The 40V is exclusively used during construction - ie: Drills, Electric Saws. The idea being that 40 V isn't really high enough to spark much of a distance/ arc over a long distance. I should've mentioned the 40 V also has to be isolated from the mains - either via a transformer or by using DC generators (Much more common due to wiring going into houses pretty much last). The equipment is designed to work with this and I'm fairly sure they step up the voltage internally, it's more so cutting a cable doesn't cause severe heart or muscle contractions - these may not be so dangerous themselves until you're falling over mith a bansaw in your hand. 

Lighting on any building site I've seen has used a generator, though generally once it's that dark they just call the end of the day. They wont make enough to pay for the fuel that the generators will use.

[Paul Marossy]

It seems as though they picked 50Hz because it's not as dangerous to humans, according to something I just read. Or maybe that's just a conincidence? Anyway, how in the world can you live on a 40V power system? Nothing in my house would even function at all on that voltage.
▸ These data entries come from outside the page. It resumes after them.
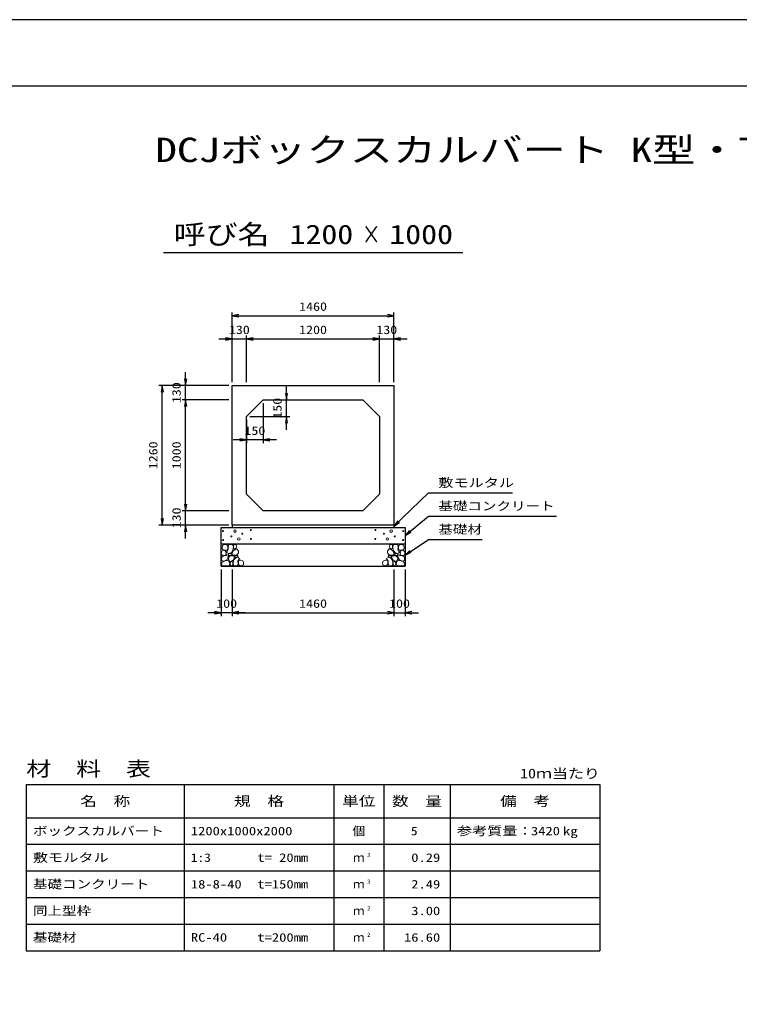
# Model space of a CAD drawing. Units: millimetres at full size. Extents: x 0 to 25230, y 0 to 17820.
# Drawn here: x 8469 to 14960, y 8910 to 17820 of the extents above; entities that cross this region are included whole.
import ezdxf
from ezdxf.enums import TextEntityAlignment as Align

# ---------------------------------------------------------------- set-up
doc = ezdxf.new("R2010")
doc.units = ezdxf.units.MM
for name, color, linetype, lineweight in [('D-DCR-HCHn', 4, 'Continuous', 9), ('D-MTR-FRAM', 7, 'Continuous', 25), ('D-MTR-LINE', 7, 'Continuous', 25), ('D-STR-DIM', 7, 'Continuous', 25), ('D-STR-STRn', 1, 'Continuous', 25), ('D-STR-TXT', 7, 'Continuous', 25), ('D-TTL', 2, 'Continuous', 25), ('D-TTL-TXT', 7, 'Continuous', 25)]:
    doc.layers.add(name, color=color, linetype=linetype, lineweight=lineweight)
doc.layers.add('D-MTR', color=7, linetype='Continuous')
doc.layers.add('D-MTR-TXT', color=7, linetype='Continuous')
doc.styles.add('ＭＳ ゴシック', font='')
doc.styles.get('ＭＳ ゴシック').set_extended_font_data('MS Gothic')

# ---------------------------------------------------------------- blocks, each defined once
blk = doc.blocks.new('open_arrow')
at = {"color": 0, "linetype": 'Continuous', "lineweight": -2}
blk.add_lwpolyline([(7.5, 1.25), (0, 0), (7.5, -1.25)], dxfattribs=at)

msp = doc.modelspace()

# ---------------------------------------------------------------- linework, layer by layer
at = {"layer": 'D-DCR-HCHn'}
for points in [[(10292.281, 13023.808), (10285.346, 13003.005), (10294.592, 12989.136), (10317.707, 12986.824), (10333.488, 12993.599), (10326.952, 13009.939), (10331.575, 13019.185), (10322.33, 13028.431), (10308.461, 13033.053)], [(10336.198, 13081.594), (10315.395, 13086.217), (10296.904, 13076.971), (10294.592, 13056.168), (10299.215, 13039.988), (10322.33, 13033.053), (10338.51, 13033.053), (10345.444, 13044.611), (10345.444, 13070.037)], [(10354.69, 13083.906), (10347.756, 13063.102), (10350.067, 13039.988), (10333.887, 13014.562), (10354.69, 13003.005), (10377.805, 13014.562), (10391.673, 13033.053), (10396.296, 13063.102), (10391.673, 13079.283), (10377.805, 13086.217)], [(10393.985, 13028.431), (10382.427, 13000.693), (10391.673, 12989.136), (10419.411, 12989.136), (10430.968, 12993.759), (10442.525, 13009.939), (10442.525, 13023.808), (10430.968, 13042.299), (10417.099, 13044.611)], [(10398.608, 13079.283), (10398.608, 13051.545), (10410.165, 13044.611), (10421.722, 13051.545), (10424.034, 13067.725), (10421.722, 13081.594), (10405.542, 13086.217)], [(11836.015, 13028.431), (11847.573, 13000.693), (11838.327, 12989.136), (11810.589, 12989.136), (11799.032, 12993.759), (11787.475, 13009.939), (11787.475, 13023.808), (11799.032, 13042.299), (11812.901, 13044.611)], [(11831.392, 13079.283), (11831.392, 13051.545), (11819.835, 13044.611), (11808.278, 13051.545), (11805.966, 13067.725), (11808.278, 13081.594), (11824.458, 13086.217)], [(11875.31, 13083.906), (11882.244, 13063.102), (11879.933, 13039.988), (11896.113, 13014.562), (11875.31, 13003.005), (11852.195, 13014.562), (11838.327, 13033.053), (11833.704, 13063.102), (11838.327, 13079.283), (11852.195, 13086.217)], [(11893.802, 13081.594), (11914.605, 13086.217), (11933.096, 13076.971), (11935.408, 13056.168), (11930.785, 13039.988), (11907.67, 13033.053), (11891.49, 13033.053), (11884.556, 13044.611), (11884.556, 13070.037)], [(11937.719, 13023.808), (11944.654, 13003.005), (11935.408, 12989.136), (11912.293, 12986.824), (11896.512, 12993.599), (11903.048, 13009.939), (11898.425, 13019.185), (11907.67, 13028.431), (11921.539, 13033.053)], [(10336.155, 12947.009), (10353.277, 12972.692), (10351.137, 12979.112), (10327.594, 12985.533), (10306.192, 12983.393), (10291.21, 12970.551), (10289.07, 12955.57), (10291.21, 12940.588), (10308.332, 12936.308)], [(10344.716, 12893.503), (10359.698, 12899.924), (10363.978, 12921.326), (10355.417, 12936.308), (10340.435, 12940.588), (10321.173, 12938.448), (10299.771, 12929.887), (10289.07, 12917.045), (10289.07, 12902.064), (10295.49, 12893.503), (10321.173, 12895.643)], [(10359.313, 13003.005), (10347.756, 12993.759), (10352.379, 12986.824), (10368.559, 12986.824), (10375.493, 12989.136), (10380.116, 12998.382), (10373.182, 13005.316)], [(10396.082, 12947.009), (10406.783, 12972.692), (10398.222, 12983.393), (10372.539, 12983.393), (10361.838, 12979.112), (10351.137, 12964.131), (10351.137, 12951.289), (10361.838, 12934.167), (10374.679, 12932.027)], [(10391.801, 12899.924), (10391.801, 12925.606), (10381.1, 12932.027), (10370.399, 12925.606), (10368.259, 12910.625), (10370.399, 12897.783), (10385.381, 12893.503)], [(10432.466, 12895.643), (10438.886, 12914.905), (10436.746, 12936.308), (10451.728, 12959.85), (10432.466, 12970.551), (10411.063, 12959.85), (10398.222, 12942.728), (10393.941, 12914.905), (10398.222, 12899.924), (10411.063, 12893.503)], [(10428.185, 12970.551), (10438.886, 12979.112), (10434.606, 12985.533), (10419.624, 12985.533), (10413.204, 12983.393), (10408.923, 12974.832), (10415.344, 12968.411)], [(10449.588, 12897.783), (10468.85, 12893.503), (10485.972, 12902.064), (10488.112, 12921.326), (10483.831, 12936.308), (10462.429, 12942.728), (10447.447, 12942.728), (10441.027, 12932.027), (10441.027, 12908.484)], [(11780.412, 12897.783), (11761.15, 12893.503), (11744.028, 12902.064), (11741.888, 12921.326), (11746.169, 12936.308), (11767.571, 12942.728), (11782.553, 12942.728), (11788.973, 12932.027), (11788.973, 12908.484)], [(11797.534, 12895.643), (11791.114, 12914.905), (11793.254, 12936.308), (11778.272, 12959.85), (11797.534, 12970.551), (11818.937, 12959.85), (11831.778, 12942.728), (11836.059, 12914.905), (11831.778, 12899.924), (11818.937, 12893.503)], [(11801.815, 12970.551), (11791.114, 12979.112), (11795.394, 12985.533), (11810.376, 12985.533), (11816.796, 12983.393), (11821.077, 12974.832), (11814.656, 12968.411)], [(11833.918, 12947.009), (11823.217, 12972.692), (11831.778, 12983.393), (11857.461, 12983.393), (11868.162, 12979.112), (11878.863, 12964.131), (11878.863, 12951.289), (11868.162, 12934.167), (11855.321, 12932.027)], [(11838.199, 12899.924), (11838.199, 12925.606), (11848.9, 12932.027), (11859.601, 12925.606), (11861.741, 12910.625), (11859.601, 12897.783), (11844.619, 12893.503)], [(11870.687, 13003.005), (11882.244, 12993.759), (11877.621, 12986.824), (11861.441, 12986.824), (11854.507, 12989.136), (11849.884, 12998.382), (11856.818, 13005.316)], [(11885.284, 12893.503), (11870.302, 12899.924), (11866.022, 12921.326), (11874.583, 12936.308), (11889.565, 12940.588), (11908.827, 12938.448), (11930.229, 12929.887), (11940.93, 12917.045), (11940.93, 12902.064), (11934.51, 12893.503), (11908.827, 12895.643)], [(11893.845, 12947.009), (11876.723, 12972.692), (11878.863, 12979.112), (11902.406, 12985.533), (11923.808, 12983.393), (11938.79, 12970.551), (11940.93, 12955.57), (11938.79, 12940.588), (11921.668, 12936.308)]]:
    msp.add_lwpolyline(points, close=True, dxfattribs=at)
for centre, radius in [((10301.091, 13206.145), 4.5), ((10410.004, 13206.145), 11.25), ((10476.563, 13182.459), 4.5), ((10552.197, 13215.221), 4.5), ((11677.803, 13215.221), 4.5), ((11753.437, 13182.459), 4.5), ((11819.996, 13206.145), 11.25), ((11928.909, 13206.145), 4.5), ((10302.803, 13125.879), 4.5), ((10378.437, 13158.641), 4.5), ((10444.996, 13134.955), 11.25), ((10553.909, 13134.955), 4.5), ((11676.091, 13134.955), 4.5), ((11785.004, 13134.955), 11.25), ((11851.563, 13158.641), 4.5), ((11927.197, 13125.879), 4.5)]:
    msp.add_circle(centre, radius, dxfattribs=at)
at = {"layer": 'D-MTR-FRAM'}
for p, q in [((8527.5, 10920), (13702.5, 10920)), ((8527.5, 10920), (8527.5, 9420)), ((13702.5, 10920), (13702.5, 9420)), ((8527.5, 9420), (13702.5, 9420))]:
    msp.add_line(p, q, dxfattribs=at)
at = {"layer": 'D-MTR-LINE'}
for p, q in [((9952.5, 10920), (9952.5, 9420)), ((11302.5, 10920), (11302.5, 9420)), ((11752.5, 10920), (11752.5, 9420)), ((12352.5, 10920), (12352.5, 9420)), ((8527.5, 10620), (13702.5, 10620)), ((8527.5, 10380), (13702.5, 10380)), ((8527.5, 10140), (13702.5, 10140)), ((8527.5, 9900), (13702.5, 9900)), ((8527.5, 9660), (13702.5, 9660))]:
    msp.add_line(p, q, dxfattribs=at)
at = {"layer": 'D-STR-DIM'}
for p, q in [((10385, 14550), (10385, 15180)), ((10385, 15150), (11845, 15150)), ((11845, 14550), (11845, 15180)), ((10385, 14550), (10385, 14970)), ((10515, 14550), (10515, 14970)), ((10515, 14550), (10515, 14970)), ((11715, 14550), (11715, 14970)), ((11715, 14550), (11715, 14970)), ((11845, 14550), (11845, 14970)), ((10265, 14940), (10635, 14940)), ((10515, 14940), (11715, 14940)), ((11595, 14940), (11965, 14940)), ((9965, 14270), (9965, 14640)), ((10355, 14520), (9725, 14520)), ((9755, 13260), (9755, 14520)), ((10355, 14520), (9935, 14520)), ((10875, 14120), (10875, 14510)), ((10355, 14390), (9935, 14390)), ((10355, 14390), (9935, 14390)), ((9965, 13390), (9965, 14390)), ((10665, 14360), (10665, 14000)), ((10695, 14390), (10905, 14390)), ((10515, 14210), (10515, 14000)), ((10545, 14240), (10905, 14240)), ((10785, 14030), (10395, 14030)), ((9965, 13140), (9965, 13510)), ((10355, 13390), (9935, 13390)), ((10355, 13390), (9935, 13390)), ((10355, 13260), (9725, 13260)), ((10355, 13260), (9935, 13260)), ((10285, 12860), (10285, 12440)), ((10385, 12860), (10385, 12440)), ((10385, 12860), (10385, 12440)), ((11845, 12860), (11845, 12440)), ((11845, 12860), (11845, 12440)), ((11945, 12860), (11945, 12440)), ((10505, 12470), (10165, 12470)), ((10385, 12470), (11845, 12470)), ((11725, 12470), (12065, 12470))]:
    msp.add_line(p, q, dxfattribs=at)
at = {"layer": 'D-STR-STRn'}
for p, q in [((10385, 14520), (11845, 14520)), ((10385, 13260), (10385, 14520)), ((11845, 14520), (11845, 13260)), ((10665, 14390), (10515, 14240)), ((10665, 14390), (11565, 14390)), ((11715, 14240), (11565, 14390)), ((10515, 13540), (10515, 14240)), ((11715, 14240), (11715, 13540)), ((10515, 13540), (10665, 13390)), ((11565, 13390), (11715, 13540)), ((11565, 13390), (10665, 13390)), ((10285, 12890), (10285, 13240)), ((10285, 13240), (11945, 13240)), ((11845, 13260), (10385, 13260)), ((10385, 13260), (10385, 13240)), ((11845, 13260), (11845, 13240)), ((11945, 13240), (11945, 12890)), ((10285, 13090), (11945, 13090)), ((10285, 12890), (11945, 12890))]:
    msp.add_line(p, q, dxfattribs=at)
at = {"layer": 'D-STR-TXT'}
for points in [[(11845, 13250), (12155, 13550), (12215, 13550), (12914.975, 13550)], [(11945, 13165), (12155, 13340), (12215, 13340), (13310.457, 13340)], [(11945, 12990), (12155, 13130), (12215, 13130), (12639.416, 13130)]]:
    msp.add_lwpolyline(points, dxfattribs=at)
at = {"layer": 'D-TTL'}
for points in [[(0, 0), (25230, 0), (25230, 17820), (0, 17820)], [(600, 600), (24630, 600), (24630, 17220), (600, 17220)]]:
    msp.add_lwpolyline(points, close=True, dxfattribs=at)
at = {"layer": 'D-TTL-TXT'}
msp.add_line((9765, 15720), (12465, 15720), dxfattribs=at)

# ---------------------------------------------------------------- block references
at = {"layer": 'D-STR-DIM', "xscale": 8, "yscale": 8}
for p in [(10385, 15150), (10515, 14940), (10515, 14940), (11845, 14940), (10665, 14030), (10385, 12470), (10385, 12470), (11945, 12470)]:
    msp.add_blockref('open_arrow', p, dxfattribs=at)
for p, rotation in [((11845, 15150), 180), ((10385, 14940), 180), ((11715, 14940), 180), ((11715, 14940), 180), ((9965, 14520), 90), ((9755, 14520), 270), ((10875, 14390), 90), ((9965, 14390), 270), ((9965, 14390), 270), ((10875, 14240), 270), ((10515, 14030), 180), ((9965, 13390), 90), ((9965, 13390), 90), ((9755, 13260), 90), ((9965, 13260), 270), ((10285, 12470), 180), ((11845, 12470), 180), ((11845, 12470), 180)]:
    msp.add_blockref('open_arrow', p, dxfattribs=dict(at, rotation=rotation))
at = {"layer": 'D-STR-TXT', "xscale": 8, "yscale": 8}
for p, rotation in [((11845, 13250), 44.1), ((11945, 13165), 39.8), ((11945, 12990), 33.7)]:
    msp.add_blockref('open_arrow', p, dxfattribs=dict(at, rotation=rotation))

# ---------------------------------------------------------------- texts
at = {"layer": 'D-MTR', "style": 'ＭＳ ゴシック', "width": 1.25}
msp.add_text('材\u3000料\u3000表', height=132, dxfattribs=at).set_placement((8527.5, 10956), align=Align.BOTTOM_LEFT)
at = {"layer": 'D-MTR', "style": 'ＭＳ ゴシック', "width": 1.2}
msp.add_text('10ｍ当たり', height=87.98, dxfattribs=at).set_placement((13702.5, 10949), align=Align.BOTTOM_RIGHT)
at = {"layer": 'D-MTR-TXT', "style": 'ＭＳ ゴシック'}
for s, height, width, p in [('名\u3000称', 87.98, 1.25, (9240, 10770)), ('規\u3000格', 87.98, 1.25, (10627.5, 10770)), ('単位', 87.98, 1.25, (11527.5, 10770)), ('数\u3000量', 87.98, 1.25, (12052.5, 10770)), ('備\u3000考', 87.98, 1.25, (13027.5, 10770)), ('個', 76.98, 1.1, (11527.5, 10500))]:
    msp.add_text(s, height=height, dxfattribs=dict(at, width=width)).set_placement(p, align=Align.MIDDLE_CENTER)
for s, width, p in [('ボックスカルバート', 1.25, (8587.5, 10500)), ('1200x1000x2000', 1.25, (10012.5, 10500)), ('参考質量：    kg', 1.3, (12412.5, 10500)), ('敷モルタル', 1.3, (8587.5, 10260)), ('1:3', 1.15, (10012.5, 10260)), ('t= 20mm', 1.25, (10612.5, 10260)), ('基礎コンクリート', 1.25, (8587.5, 10020)), ('18-8-40', 1.25, (10012.5, 10020)), ('t=150mm', 1.25, (10612.5, 10020)), ('同上型枠', 1.25, (8587.5, 9780)), ('基礎材', 1.25, (8587.5, 9540)), ('RC-40', 1.25, (10012.5, 9540)), ('t=200mm', 1.25, (10612.5, 9540))]:
    msp.add_text(s, height=76.98, dxfattribs=dict(at, width=width)).set_placement(p, align=Align.MIDDLE_LEFT)
for s, width, p in [('5', 1.15, (12057.83, 10500)), ('3420', 1.25, (13342.5, 10500)), ('0.29', 1.25, (12262.5, 10260)), ('2.49', 1.25, (12262.5, 10020)), ('3.00', 1.25, (12262.5, 9780)), ('16.60', 1.25, (12262.5, 9540))]:
    msp.add_text(s, height=76.98, dxfattribs=dict(at, width=width)).set_placement(p, align=Align.MIDDLE_RIGHT)
for p in [(11527.5, 10260), (11527.5, 10020), (11527.5, 9780), (11527.5, 9540)]:
    msp.add_text('ｍ', height=76.98, dxfattribs=at).set_placement(p, align=Align.MIDDLE_CENTER)
at = {"layer": 'D-MTR-TXT', "style": 'ＭＳ ゴシック', "width": 1.15}
for s, p in [('3', (11602.5, 10253)), ('3', (11602.5, 10013)), ('2', (11602.5, 9773)), ('2', (11602.5, 9533))]:
    msp.add_text(s, height=38.49, dxfattribs=at).set_placement(p, align=Align.BOTTOM_LEFT)
at = {"layer": 'D-STR-DIM', "style": 'ＭＳ ゴシック', "width": 1.2}
for s, p in [('1460', (11115, 15232.5)), ('130', (10450, 15022.5)), ('1200', (11115, 15022.5)), ('130', (11780, 15022.5)), ('150', (10590, 14112.5)), ('100', (10335, 12552.5)), ('1460', (11115, 12552.5)), ('100', (11895, 12552.5))]:
    msp.add_text(s, height=76.98, dxfattribs=at).set_placement(p, align=Align.MIDDLE_CENTER)
for s, p in [('130', (9882.5, 14455)), ('150', (10792.5, 14315)), ('1260', (9672.5, 13890)), ('1000', (9882.5, 13890)), ('130', (9882.5, 13325))]:
    msp.add_text(s, height=76.98, rotation=90, dxfattribs=at).set_placement(p, align=Align.MIDDLE_CENTER)
at = {"layer": 'D-STR-TXT', "style": 'ＭＳ ゴシック'}
for s, width, p in [('敷モルタル', 1.3, (12245, 13580)), ('基礎コンクリート', 1.25, (12245, 13370)), ('基礎材', 1.25, (12245, 13160))]:
    msp.add_text(s, height=76.98, dxfattribs=dict(at, width=width)).set_placement(p, align=Align.BOTTOM_LEFT)
at = {"layer": 'D-TTL-TXT', "style": 'ＭＳ ゴシック'}
for s, height, width, p in [('DCJボックスカルバート K型・T型', 219.9, 1.3, (12615, 16470)), ('呼び名', 176, 1.2, (10290, 15742.5)), ('1200', 176, 1.2, (11190, 15742.5)), ('×', 176, 0.7, (11640, 15742.5)), ('1000', 176, 1.2, (12090, 15742.5))]:
    msp.add_text(s, height=height, dxfattribs=dict(at, width=width)).set_placement(p, align=Align.BOTTOM_CENTER)

doc.saveas('drawing.dxf')

Except for maybe light bulbs, which would be very dim...

Well they did and didn't pick 50 hz, it's just there's a border going down the country where they have to convert it back to DC and then back to AC again. What a waste of power, eh? As for the advantages, hard to say. I'd assume 60hz would be more efficent but only by a fractional amount. I've never been sure why either frequency was picked.

The 40V is exclusively used during construction - ie: Drills, Electric Saws. The idea being that 40 V isn't really high enough to spark much of a distance/ arc over a long distance. I should've mentioned the 40 V also has to be isolated from the mains - either via a transformer or by using DC generators (Much more common due to wiring going into houses pretty much last). The equipment is designed to work with this and I'm fairly sure they step up the voltage internally, it's more so cutting a cable doesn't cause severe heart or muscle contractions - these may not be so dangerous themselves until you're falling over mith a bansaw in your hand. 

Lighting on any building site I've seen has used a generator, though generally once it's that dark they just call the end of the day. They wont make enough to pay for the fuel that the generators will use.

Oh I see, 40V for construction purposes. Still kind of weird to me living in the USA, though.

I've wondered why there was 50Hz in some places in the world and 60Hz in others. I guess it's because of how things started in those areas. Too late to globally standardize I suppose? 

[bobodechimp]

one week back in school i was having a really bad gremlin problem with my gear, mind you it was all old second hand stuff but still. my cab when kaput and while it was in the shop my head went kaput. so while i was saving up for a new head my sound guy lent me a Frankensteined  bass rig of sorts. a dod crossover for a pre, a 1977 Yamaha stereo 300 as and amp and a 1x18 peavey  sub. it was afoul. well the amp was only working on the left side and the ride side was going bad  at lest that what he said. well i was setting up one night plugged into the wrong side and zap. when i came to  i was speaking jibe-rage and i  pissed all over my self. isn't electricity cool.